Exercise aim >>
Scan the records below for the word "DIRECTION". Copy each line where it appears.
[[ Information shown open ]]
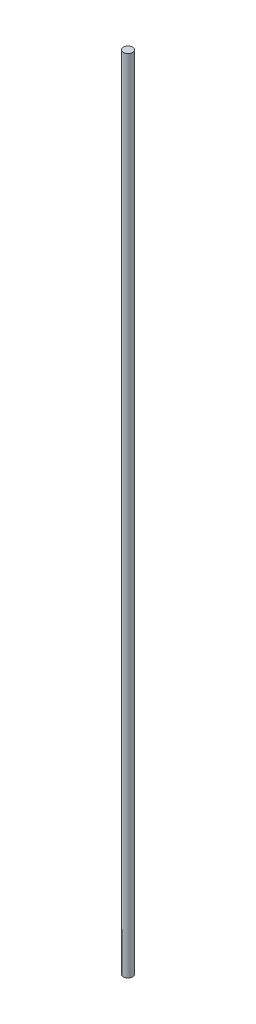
ISO-10303-21;
HEADER;
FILE_DESCRIPTION(('STEP AP214'),'2;1');
FILE_NAME('part.step','',(''),(''),'','','');
FILE_SCHEMA(('AUTOMOTIVE_DESIGN { 1 0 10303 214 1 1 1 1 }'));
ENDSEC;
DATA;
#1=APPLICATION_CONTEXT('core data for automotive mechanical design processes');
#2=APPLICATION_PROTOCOL_DEFINITION('international standard','automotive_design',2000,#1);
#3=PRODUCT_CONTEXT('',#1,'mechanical');
#4=PRODUCT('Part','Part','',(#3));
#5=PRODUCT_RELATED_PRODUCT_CATEGORY('part','',(#4));
#6=PRODUCT_DEFINITION_FORMATION('','',#4);
#7=PRODUCT_DEFINITION_CONTEXT('part definition',#1,'design');
#8=PRODUCT_DEFINITION('design','',#6,#7);
#9=PRODUCT_DEFINITION_SHAPE('','',#8);
#10=(LENGTH_UNIT() NAMED_UNIT(*) SI_UNIT(.MILLI.,.METRE.));
#11=(NAMED_UNIT(*) PLANE_ANGLE_UNIT() SI_UNIT($,.RADIAN.));
#12=(NAMED_UNIT(*) SI_UNIT($,.STERADIAN.) SOLID_ANGLE_UNIT());
#13=UNCERTAINTY_MEASURE_WITH_UNIT(LENGTH_MEASURE(1.E-05),#10,'distance_accuracy_value','');
#14=(GEOMETRIC_REPRESENTATION_CONTEXT(3) GLOBAL_UNCERTAINTY_ASSIGNED_CONTEXT((#13)) GLOBAL_UNIT_ASSIGNED_CONTEXT((#10,
#11,#12)) REPRESENTATION_CONTEXT('',''));
#15=CARTESIAN_POINT('',(0.,0.,0.));
#16=DIRECTION('',(0.,0.,1.));
#17=DIRECTION('',(1.,0.,0.));
#18=AXIS2_PLACEMENT_3D('',#15,#16,#17);
#19=CARTESIAN_POINT('',(0.,152.4,0.));
#20=DIRECTION('',(0.,-1.,0.));
#21=DIRECTION('',(0.,0.,-1.));
#22=AXIS2_PLACEMENT_3D('',#19,#20,#21);
#23=CYLINDRICAL_SURFACE('',#22,0.875);
#24=CARTESIAN_POINT('',(0.,152.4,0.));
#25=DIRECTION('',(0.,1.,0.));
#26=DIRECTION('',(0.,0.,1.));
#27=AXIS2_PLACEMENT_3D('',#24,#25,#26);
#28=CIRCLE('',#27,0.875);
#29=CARTESIAN_POINT('',(0.,152.4,-0.875));
#30=VERTEX_POINT('',#29);
#31=EDGE_CURVE('E10',#30,#30,#28,.T.);
#32=CARTESIAN_POINT('',(0.,0.,0.));
#33=DIRECTION('',(0.,1.,0.));
#34=DIRECTION('',(0.,0.,1.));
#35=AXIS2_PLACEMENT_3D('',#32,#33,#34);
#36=CIRCLE('',#35,0.875);
#37=CARTESIAN_POINT('',(0.,0.,-0.875));
#38=VERTEX_POINT('',#37);
#39=EDGE_CURVE('E40',#38,#38,#36,.T.);
#40=CARTESIAN_POINT('',(0.,152.4,-0.875));
#41=CARTESIAN_POINT('',(0.,150.8125,-0.875));
#42=CARTESIAN_POINT('',(0.,149.225,-0.875));
#43=CARTESIAN_POINT('',(0.,146.05,-0.875));
#44=CARTESIAN_POINT('',(0.,144.4625,-0.875));
#45=CARTESIAN_POINT('',(0.,141.2875,-0.875));
#46=CARTESIAN_POINT('',(0.,139.7,-0.875));
#47=CARTESIAN_POINT('',(0.,136.525,-0.875));
#48=CARTESIAN_POINT('',(0.,134.9375,-0.875));
#49=CARTESIAN_POINT('',(0.,131.7625,-0.875));
#50=CARTESIAN_POINT('',(0.,130.175,-0.875));
#51=CARTESIAN_POINT('',(0.,127.,-0.875));
#52=CARTESIAN_POINT('',(0.,125.4125,-0.875));
#53=CARTESIAN_POINT('',(0.,122.2375,-0.875));
#54=CARTESIAN_POINT('',(0.,120.65,-0.875));
#55=CARTESIAN_POINT('',(0.,117.475,-0.875));
#56=CARTESIAN_POINT('',(0.,115.8875,-0.875));
#57=CARTESIAN_POINT('',(0.,112.7125,-0.875));
#58=CARTESIAN_POINT('',(0.,111.125,-0.875));
#59=CARTESIAN_POINT('',(0.,107.95,-0.875));
#60=CARTESIAN_POINT('',(0.,106.3625,-0.875));
#61=CARTESIAN_POINT('',(0.,103.1875,-0.875));
#62=CARTESIAN_POINT('',(0.,101.6,-0.875));
#63=CARTESIAN_POINT('',(0.,98.425,-0.875));
#64=CARTESIAN_POINT('',(0.,96.8375,-0.875));
#65=CARTESIAN_POINT('',(0.,93.6625,-0.875));
#66=CARTESIAN_POINT('',(0.,92.075,-0.875));
#67=CARTESIAN_POINT('',(0.,88.9,-0.875));
#68=CARTESIAN_POINT('',(0.,87.3125,-0.875));
#69=CARTESIAN_POINT('',(0.,84.1375,-0.875));
#70=CARTESIAN_POINT('',(0.,82.55,-0.875));
#71=CARTESIAN_POINT('',(0.,79.375,-0.875));
#72=CARTESIAN_POINT('',(0.,77.7875,-0.875));
#73=CARTESIAN_POINT('',(0.,74.6125,-0.875));
#74=CARTESIAN_POINT('',(0.,73.025,-0.875));
#75=CARTESIAN_POINT('',(0.,69.85,-0.875));
#76=CARTESIAN_POINT('',(0.,68.2625,-0.875));
#77=CARTESIAN_POINT('',(0.,65.0875,-0.875));
#78=CARTESIAN_POINT('',(0.,63.5,-0.875));
#79=CARTESIAN_POINT('',(0.,60.325,-0.875));
#80=CARTESIAN_POINT('',(0.,58.7375,-0.875));
#81=CARTESIAN_POINT('',(0.,55.5625,-0.875));
#82=CARTESIAN_POINT('',(0.,53.975,-0.875));
#83=CARTESIAN_POINT('',(0.,50.8,-0.875));
#84=CARTESIAN_POINT('',(0.,49.2125,-0.875));
#85=CARTESIAN_POINT('',(0.,46.0375,-0.875));
#86=CARTESIAN_POINT('',(0.,44.45,-0.875));
#87=CARTESIAN_POINT('',(0.,41.275,-0.875));
#88=CARTESIAN_POINT('',(0.,39.6875,-0.875));
#89=CARTESIAN_POINT('',(0.,36.5125,-0.875));
#90=CARTESIAN_POINT('',(0.,34.925,-0.875));
#91=CARTESIAN_POINT('',(0.,31.75,-0.875));
#92=CARTESIAN_POINT('',(0.,30.1625,-0.875));
#93=CARTESIAN_POINT('',(0.,26.9875,-0.875));
#94=CARTESIAN_POINT('',(0.,25.4,-0.875));
#95=CARTESIAN_POINT('',(0.,22.225,-0.875));
#96=CARTESIAN_POINT('',(0.,20.6375,-0.875));
#97=CARTESIAN_POINT('',(0.,17.4625,-0.875));
#98=CARTESIAN_POINT('',(0.,15.875,-0.875));
#99=CARTESIAN_POINT('',(0.,12.7,-0.875));
#100=CARTESIAN_POINT('',(0.,11.1125,-0.875));
#101=CARTESIAN_POINT('',(0.,7.93750000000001,-0.875));
#102=CARTESIAN_POINT('',(0.,6.35,-0.875));
#103=CARTESIAN_POINT('',(0.,3.175,-0.875));
#104=CARTESIAN_POINT('',(0.,1.5875,-0.875));
#105=CARTESIAN_POINT('',(0.,0.,-0.875));
#106=B_SPLINE_CURVE_WITH_KNOTS('',3,(#40,#41,#42,#43,#44,#45,#46,#47,#48,#49,#50,#51,#52,#53,
#54,#55,#56,#57,#58,#59,#60,#61,#62,#63,#64,#65,#66,#67,#68,#69,#70,#71,#72,#73,#74,#75,#76,#77,
#78,#79,#80,#81,#82,#83,#84,#85,#86,#87,#88,#89,#90,#91,#92,#93,#94,#95,#96,#97,#98,#99,#100,
#101,#102,#103,#104,#105),.UNSPECIFIED.,.F.,.F.,(4,2,2,2,2,2,2,2,2,2,2,2,2,2,2,2,2,2,2,2,2,2,2,
2,2,2,2,2,2,2,2,2,4),(0.,4.7625,9.52500000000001,14.2875,19.05,23.8125,28.575,33.3375,38.1,
42.8625,47.625,52.3875,57.15,61.9125,66.675,71.4375,76.2,80.9625,85.725,90.4875,95.25,100.0125,
104.775,109.5375,114.3,119.0625,123.825,128.5875,133.35,138.1125,142.875,147.6375,152.4),.UNSPECIFIED.);
#107=EDGE_CURVE('BSEAM37',#30,#38,#106,.T.);
#108=ORIENTED_EDGE('',*,*,#31,.F.);
#109=ORIENTED_EDGE('',*,*,#39,.T.);
#110=ORIENTED_EDGE('',*,*,#107,.T.);
#111=ORIENTED_EDGE('',*,*,#107,.F.);
#112=EDGE_LOOP('',(#108,#110,#109,#111));
#113=FACE_BOUND('',#112,.T.);
#114=ADVANCED_FACE('F37',(#113),#23,.T.);
#115=CARTESIAN_POINT('',(0.,152.4,0.));
#116=DIRECTION('',(0.,1.,0.));
#117=DIRECTION('',(0.,0.,1.));
#118=AXIS2_PLACEMENT_3D('',#115,#116,#117);
#119=PLANE('',#118);
#120=ORIENTED_EDGE('',*,*,#31,.T.);
#121=EDGE_LOOP('',(#120));
#122=FACE_BOUND('',#121,.T.);
#123=ADVANCED_FACE('F52',(#122),#119,.T.);
#124=CARTESIAN_POINT('',(0.,0.,0.));
#125=DIRECTION('',(0.,1.,0.));
#126=DIRECTION('',(0.,0.,1.));
#127=AXIS2_PLACEMENT_3D('',#124,#125,#126);
#128=PLANE('',#127);
#129=ORIENTED_EDGE('',*,*,#39,.F.);
#130=EDGE_LOOP('',(#129));
#131=FACE_BOUND('',#130,.T.);
#132=ADVANCED_FACE('F50',(#131),#128,.F.);
#133=CLOSED_SHELL('',(#114,#123,#132));
#134=MANIFOLD_SOLID_BREP('B2',#133);
#135=ADVANCED_BREP_SHAPE_REPRESENTATION('',(#18,#134),#14);
#136=SHAPE_DEFINITION_REPRESENTATION(#9,#135);
ENDSEC;
END-ISO-10303-21;
[[ Information shown closed ]]
Expected output >>
#16=DIRECTION('',(0.,0.,1.));
#17=DIRECTION('',(1.,0.,0.));
#20=DIRECTION('',(0.,-1.,0.));
#21=DIRECTION('',(0.,0.,-1.));
#25=DIRECTION('',(0.,1.,0.));
#26=DIRECTION('',(0.,0.,1.));
#33=DIRECTION('',(0.,1.,0.));
#34=DIRECTION('',(0.,0.,1.));
#116=DIRECTION('',(0.,1.,0.));
#117=DIRECTION('',(0.,0.,1.));
#125=DIRECTION('',(0.,1.,0.));
#126=DIRECTION('',(0.,0.,1.));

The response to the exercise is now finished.